Failed to Restart a Container
If container hook takes a long time, and containerd is forcibly killed during container startup, the container start operation may fail. When containerd is forcibly killed during container startup, an error is returned for the Docker start operation. After containerd is restarted, the last startup may still be in the runc create execution phase (executing the user-defined hook may take a long time). If you run the docker start command again to start the container, the following error message may be displayed:
Error response from daemon: oci runtime error: container with id exists: xxxxxx
This error is caused by running runc create on an existing container (or being created). After the runc create operation corresponding to the first start operation is complete, the docker start command can be successfully executed.

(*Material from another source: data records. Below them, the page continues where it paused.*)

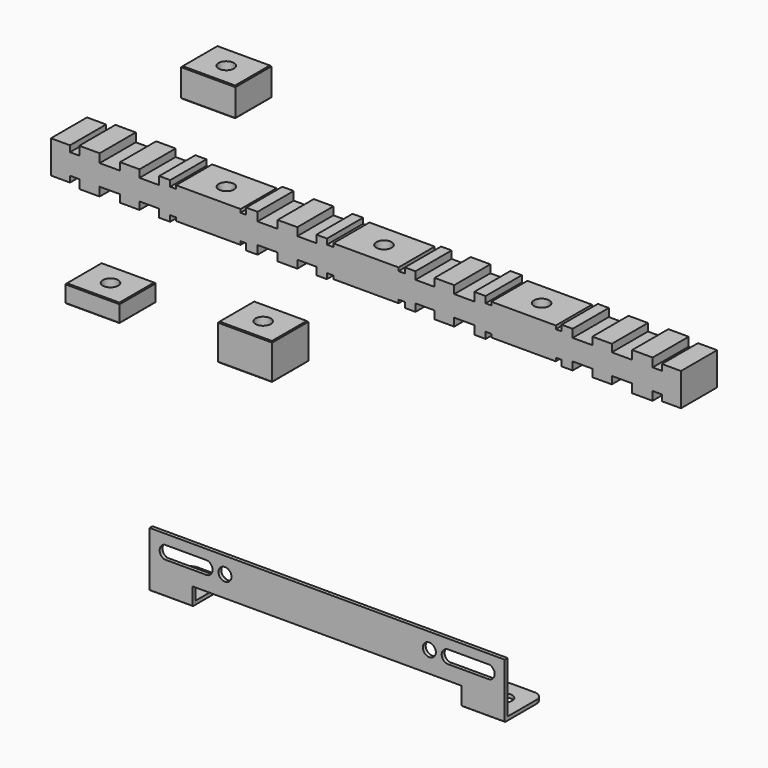
from build123d import *

# Parameters (mm, degrees)
F1_DEPTH  = 25
F2_W      = 30
F2_H      = 20
F3_DEPTH  = 25
F4_W      = 30
F4_H      = 16
F5_DEPTH  = 25
F6_W      = 30
F6_H      = 10
F7_DEPTH  = 25
F8_SIZE   = 0.5
F8_2_SIZE = 0.5
F8_3_SIZE = 0.5
F9_R      = 3.6028705458
F10_DEPTH = 2
F11_W     = 23.7871110439
F11_H     = 2
F11_W_2   = 23.7632221616
F11_H_2   = 1.9790753297
F12_DEPTH = 25
F13_R     = 0.5
F14_R     = 5
F15_R     = 4.25
F16_R     = 4.25
F17_DEPTH = 2.001
F20_R     = 4.25
F21_DEPTH = 76.3909049693
F19_R     = 4.25
F18_R     = 4.25
F22_DEPTH = 217.8817511064
F23_R     = 4.25
F24_DEPTH = 276.8010267333
F25_R     = 4.25
F27_DEPTH = 20
F26_R     = 4.25
F28_DEPTH = 25


with BuildPart() as f1:
    # F0 (on Front) → F1 (new body)
    with BuildSketch(Plane.XZ):
        Polygon((-156.9127636468, 14.8200338624), (-156.9127636468, 5.7359881692), (-156.9127636468, -3.348057524), (-146.3469222056, -3.348057524), (-146.3469222056, 0), (-141.2151361071, 0), (-141.2151361071, -4.8163233229), (-129.9238098947, -4.8163233229), (-129.9238098947, 0), (-118.632474036, 0), (-118.632474036, -4.1673955208), (-107.8602869303, -4.1673955208), (-107.8602869303, 0), (-96.9583078131, 0), (-96.9583078131, -4.4269659785), (-90.8583919597, -4.4269659785), (-90.8583919597, -1.1823308868), (-87.6137653086, -1.1823308868), (-87.6137653086, -2.999326502), (-51.9227708593, -2.999326502), (-51.9227708593, -1.1823308868), (-48.7857109655, -1.1823308868), (-48.7857109655, -4.7250164395), (-42.4892260512, -4.7250164395), (-42.4892260512, 0), (-31.3931135836, 0), (-31.3931135836, -4.3729061708), (-20.5111024682, -4.3729061708), (-20.5111024682, 0), (-9.9440986386, 0), (-9.9440986386, -4.1673955208), (-4.0986614626, -4.1673955208), (-4.0986614626, -1.1823308868), (-0.5792415786, -1.1823308868), (-0.5792415786, -2.999326502), (17.479924475, -2.999326502), (35.5390905287, -2.999326502), (35.5390905287, -1.1823308868), (39.0585104127, -1.1823308868), (39.0585104127, -4.1673955208), (44.9039475886, -4.1673955208), (44.9039475886, 0), (55.4709514183, 0), (55.4709514183, -4.3729061708), (66.3529625337, -4.3729061708), (66.3529625337, 0), (77.4490750013, 0), (77.4490750013, -4.7250164395), (83.7455599156, -4.7250164395), (83.7455599156, -1.1823308868), (86.8826198094, -1.1823308868), (86.8826198094, -2.999326502), (122.5736142587, -2.999326502), (122.5736142587, -1.1823308868), (125.8182409098, -1.1823308868), (125.8182409098, -4.4269659785), (131.9181567632, -4.4269659785), (131.9181567632, 0), (142.8201358804, 0), (142.8201358804, -4.1673955208), (153.5923229861, -4.1673955208), (153.5923229861, 0), (164.8836588448, 0), (164.8836588448, -4.8163233229), (176.1749850572, -4.8163233229), (176.1749850572, 0), (181.3067711557, 0), (181.3067711557, -3.348057524), (191.8726125969, -3.348057524), (191.8726125969, 5.7359881692), (191.8726125969, 14.8200338624), (181.3067711557, 14.8200338624), (181.3067711557, 11.4719763384), (176.1749850572, 11.4719763384), (176.1749850572, 16.2882996613), (164.8836588448, 16.2882996613), (164.8836588448, 11.4719763384), (153.5923229861, 11.4719763384), (153.5923229861, 15.6393718592), (142.8201358804, 15.6393718592), (142.8201358804, 11.4719763384), (131.9181567632, 11.4719763384), (131.9181567632, 15.8989423169), (125.8182409098, 15.8989423169), (125.8182409098, 12.6543072252), (122.5736142587, 12.6543072252), (122.5736142587, 14.4713028404), (86.8826198094, 14.4713028404), (86.8826198094, 12.6543072252), (83.7455599156, 12.6543072252), (83.7455599156, 16.1969927779), (77.4490750013, 16.1969927779), (77.4490750013, 11.4719763384), (66.3529625337, 11.4719763384), (66.3529625337, 15.8448825092), (55.4709514183, 15.8448825092), (55.4709514183, 11.4719763384), (44.9039475886, 11.4719763384), (44.9039475886, 15.6393718592), (39.0585104127, 15.6393718592), (39.0585104127, 12.6543072252), (35.5390905287, 12.6543072252), (35.5390905287, 14.4713028404), (17.479924475, 14.4713028404), (-0.5792415786, 14.4713028404), (-0.5792415786, 12.6543072252), (-4.0986614626, 12.6543072252), (-4.0986614626, 15.6393718592), (-9.9440986386, 15.6393718592), (-9.9440986386, 11.4719763384), (-20.5111024682, 11.4719763384), (-20.5111024682, 15.8448825092), (-31.3931135836, 15.8448825092), (-31.3931135836, 11.4719763384), (-42.4892260512, 11.4719763384), (-42.4892260512, 16.1969927779), (-48.7857109655, 16.1969927779), (-48.7857109655, 12.6543072252), (-51.9227708593, 12.6543072252), (-51.9227708593, 14.4713028404), (-87.6137653086, 14.4713028404), (-87.6137653086, 12.6543072252), (-90.8583919597, 12.6543072252), (-90.8583919597, 15.8989423169), (-96.9583078131, 15.8989423169), (-96.9583078131, 11.4719763384), (-107.8602869303, 11.4719763384), (-107.8602869303, 15.6393718592), (-118.632474036, 15.6393718592), (-118.632474036, 11.4719763384), (-129.9238098947, 11.4719763384), (-129.9238098947, 16.2882996613), (-141.2151361071, 16.2882996613), (-141.2151361071, 11.4719763384), (-146.3469222056, 11.4719763384), (-146.3469222056, 14.8200338624), align=None)
    extrude(amount=F1_DEPTH)

    # F20 (on face) → F21 (cut, through all)
    with BuildSketch(Plane(origin=(0, 0, -2.999326502), x_dir=(1, 0, 0), z_dir=(0, 0, -1))):
        with Locations((-69.7682680839, 12.5)):
            Circle(F20_R)
    extrude(amount=-F21_DEPTH, mode=Mode.SUBTRACT)

    # F19 (on face) + F18 (on face) → F22 (cut, through all)
    with BuildSketch(Plane.XY.offset(14.4713028404)):
        with Locations((17.479924475, -12.5)):
            Circle(F19_R)
    with BuildSketch(Plane.XY.offset(14.4713028404)):
        with Locations((104.728117034, -12.5)):
            Circle(F18_R)
    extrude(amount=-F22_DEPTH, mode=Mode.SUBTRACT)


with BuildPart() as f3:
    # F2 (on Front) → F3 (new body)
    with BuildSketch(Plane.XZ):
        with Locations((-49.4428929892, -54.479341954)):
            Rectangle(F2_W, F2_H)
    extrude(amount=F3_DEPTH)

    # F8
    f8_edges = [f3.edges().sort_by_distance(p)[0] for p in [
        (-49.442893, -25, -44.479342),
        (-34.442893, -12.5, -44.479342),
        (-64.442893, -12.5, -44.479342),
        (-49.442893, 0, -44.479342),
        (-64.442893, -12.5, -64.479342),
        (-34.442893, -12.5, -64.479342),
        (-49.442893, 0, -64.479342),
        (-49.442893, -25, -64.479342),
    ]]
    chamfer(f8_edges, length=F8_SIZE)

    # F25 (on face) → F27 (cut, through all)
    with BuildSketch(Plane(origin=(0, 0, -64.479341954), x_dir=(1, 0, 0), z_dir=(0, 0, -1))):
        with Locations((-49.4428929892, 12.5)):
            Circle(F25_R)
    extrude(amount=-F27_DEPTH, mode=Mode.SUBTRACT)


with BuildPart() as f5:
    # F4 (on Front) → F5 (new body)
    with BuildSketch(Plane.XZ):
        with Locations((-69.8153842241, 65.3905784673)):
            Rectangle(F4_W, F4_H)
    extrude(amount=F5_DEPTH)

    # F8#3
    f8_3_edges = [f5.edges().sort_by_distance(p)[0] for p in [
        (-54.815384, -12.5, 73.390578),
        (-84.815384, -12.5, 73.390578),
        (-69.815384, 0, 73.390578),
        (-69.815384, -25, 73.390578),
        (-84.815384, -12.5, 57.390578),
        (-54.815384, -12.5, 57.390578),
        (-69.815384, 0, 57.390578),
        (-69.815384, -25, 57.390578),
    ]]
    chamfer(f8_3_edges, length=F8_3_SIZE)

    # F23 (on face) → F24 (cut, through all)
    with BuildSketch(Plane.XY.offset(73.3905784673)):
        with Locations((-69.8153842241, -12.5)):
            Circle(F23_R)
    extrude(amount=-F24_DEPTH, mode=Mode.SUBTRACT)


with BuildPart() as f7:
    # F6 (on Front) → F7 (new body)
    with BuildSketch(Plane.XZ):
        with Locations((-133.9033134282, -58.2528847276)):
            Rectangle(F6_W, F6_H)
    extrude(amount=F7_DEPTH)

    # F8#2
    f8_2_edges = [f7.edges().sort_by_distance(p)[0] for p in [
        (-118.903313, -12.5, -53.252885),
        (-148.903313, -12.5, -53.252885),
        (-133.903313, 0, -53.252885),
        (-133.903313, -25, -53.252885),
        (-148.903313, -12.5, -63.252885),
        (-118.903313, -12.5, -63.252885),
        (-133.903313, 0, -63.252885),
        (-133.903313, -25, -63.252885),
    ]]
    chamfer(f8_2_edges, length=F8_2_SIZE)

    # F26 (on face) → F28 (cut)
    with BuildSketch(Plane(origin=(0, 0, -63.2528847276), x_dir=(1, 0, 0), z_dir=(0, 0, -1))):
        with Locations((-133.9033134282, 12.5)):
            Circle(F26_R)
    extrude(amount=-F28_DEPTH, mode=Mode.SUBTRACT)


with BuildPart() as f10:
    # F9 (on Front) → F10 (new body)
    with BuildSketch(Plane.XZ):
        Polygon((-22.3887339234, -172.7569699287), (-120.6744611263, -172.6086586714), (-120.6744611263, -203.1636536121), (-96.8873500824, -203.1636536121), (-96.8873500824, -193.3814436197), (-22.3887339234, -193.3814436197), align=None)
        with BuildLine():
            ThreePointArc((-89.4251316786, -178.1000308653), (-85.8103992128, -182.0202274237), (-90.0103312333, -185.3057719568))
            Line((-90.0103312333, -185.3057719568), (-112.2996848099, -185.3057719568))
            ThreePointArc((-112.2996848099, -185.3057719568), (-115.1180225225, -181.7029014111), (-112.2996848099, -178.1000308653))
            Line((-112.2996848099, -178.1000308653), (-89.4251316786, -178.1000308653))
        make_face(mode=Mode.SUBTRACT)
        with Locations((-78.9490147419, -181.7029014111)):
            Circle(F9_R, mode=Mode.SUBTRACT)
        Polygon((75.8969932795, -172.9052811861), (-22.3887339234, -172.7569699287), (-22.3887339234, -193.3814436197), (52.1098822355, -193.3814436197), (52.1098822355, -203.409448266), (75.8969932795, -203.409448266), align=None)
        with Locations((34.171546895, -181.7029014111)):
            Circle(F9_R, mode=Mode.SUBTRACT)
        with BuildLine():
            Line((67.522216963, -185.3057719568), (45.2328633864, -185.3057719568))
            ThreePointArc((45.2328633864, -185.3057719568), (41.0329313659, -182.0202274237), (44.6476638317, -178.1000308653))
            Line((44.6476638317, -178.1000308653), (67.522216963, -178.1000308653))
            ThreePointArc((67.522216963, -178.1000308653), (70.3405546756, -181.7029014111), (67.522216963, -185.3057719568))
        make_face(mode=Mode.SUBTRACT)
    extrude(amount=F10_DEPTH)

    # F11 (on face) → F12 (join)
    with BuildSketch(Plane(origin=(0, 0, 0), x_dir=(-1, 0, 0), z_dir=(0, 1, 0))):
        with Locations((-64.0034377575, -202.409448266)):
            Rectangle(F11_W, F11_H)
        with Locations((108.7928500456, -202.1741159473)):
            Rectangle(F11_W_2, F11_H_2)
    extrude(amount=F12_DEPTH)

    # F13
    f13_edges = [f10.edges().sort_by_distance(p)[0] for p in [
        (64.003438, 0, -201.409448),
        (-108.79285, 0, -201.184578),
        (64.003438, -2, -203.409448),
        (-108.780906, -2, -203.163654),
    ]]
    fillet(f13_edges, radius=F13_R)

    # F14
    f14_edges = [f10.edges().sort_by_distance(p)[0] for p in [
        (75.896993, 25, -202.409448),
        (52.109882, 25, -202.409448),
        (-96.911239, 25, -202.174116),
        (-120.674461, 25, -202.174116),
    ]]
    fillet(f14_edges, radius=F14_R)

    # F15 (on face) + F16 (on face) → F17 (cut, through all)
    with BuildSketch(Plane.XY.offset(-201.409448266)):
        with Locations((64.0034377575, 12.75)):
            Circle(F15_R)
    with BuildSketch(Plane.XY.offset(-201.1845782825)):
        with Locations((-108.7928500456, 12.75)):
            Circle(F16_R)
    extrude(amount=-F17_DEPTH, mode=Mode.SUBTRACT)


solid = Compound([f1.part, f3.part, f5.part, f7.part, f10.part])

The execution of hook is not controlled by Docker. In this case, if the container is recycled, the containerd process may be suspended when an unknown hook program is executed. In addition, the risk is controllable (although the creation of the current container is affected in a short period).
- After the first operation is complete, the container can be successfully started again.
- Generally, a new container is created after the container fails to be started. The container that fails to be started cannot be reused.
In conclusion, this problem has a constraint on scenarios.
Failed to Restart the Docker Service
The Docker service cannot be restarted properly due to frequent startup in a short period The Docker system service is monitored by systemd. If the Docker service is restarted for more than five times within 10s, the systemd service detects the abnormal startup. Therefore, the Docker service is disabled. Docker can respond to the restart command and be normally restarted only when the next period of 10s starts.
Impact of System Power-off
When a system is unexpectedly powered off or system panic occurs, Docker daemon status may not be updated to the disk in time. As a result, Docker daemon is abnormal after the system is restarted. The possible problems include but are not limited to the following:
- A container is created before the power-off. After the restart, the container is not displayed when the docker ps –a command is run, as the file status of the container is not updated to the disk. As a result, daemon cannot obtain the container status after the restart.
- Before the system power-off, a file is being written. After daemon is restarted, the file format is incorrect or the file content is incomplete. As a result, loading fails.
- As Docker database (DB) will be damaged during power-off, all DB files in data-root will be deleted during node restart. Therefore, the following information created before the restart will be deleted after the restart:
Network: Resources created through Docker network will be deleted after the node is restarted.
Volume: Resources created through Docker volume will be deleted after the node is restarted.
Cache construction: The cache construction information will be deleted after the node is restarted.
Metadata stored in containerd: Metadata stored in containerd will be recreated when a container is started. Therefore, the metadata stored in containerd will be deleted when the node is restarted.
NOTE:
If you want to manually clear data and restore the environment, you can set the environment variable DISABLE_CRASH_FILES_DELETE to true to disable the function of clearing DB files when the daemon process is restarted due to power-off.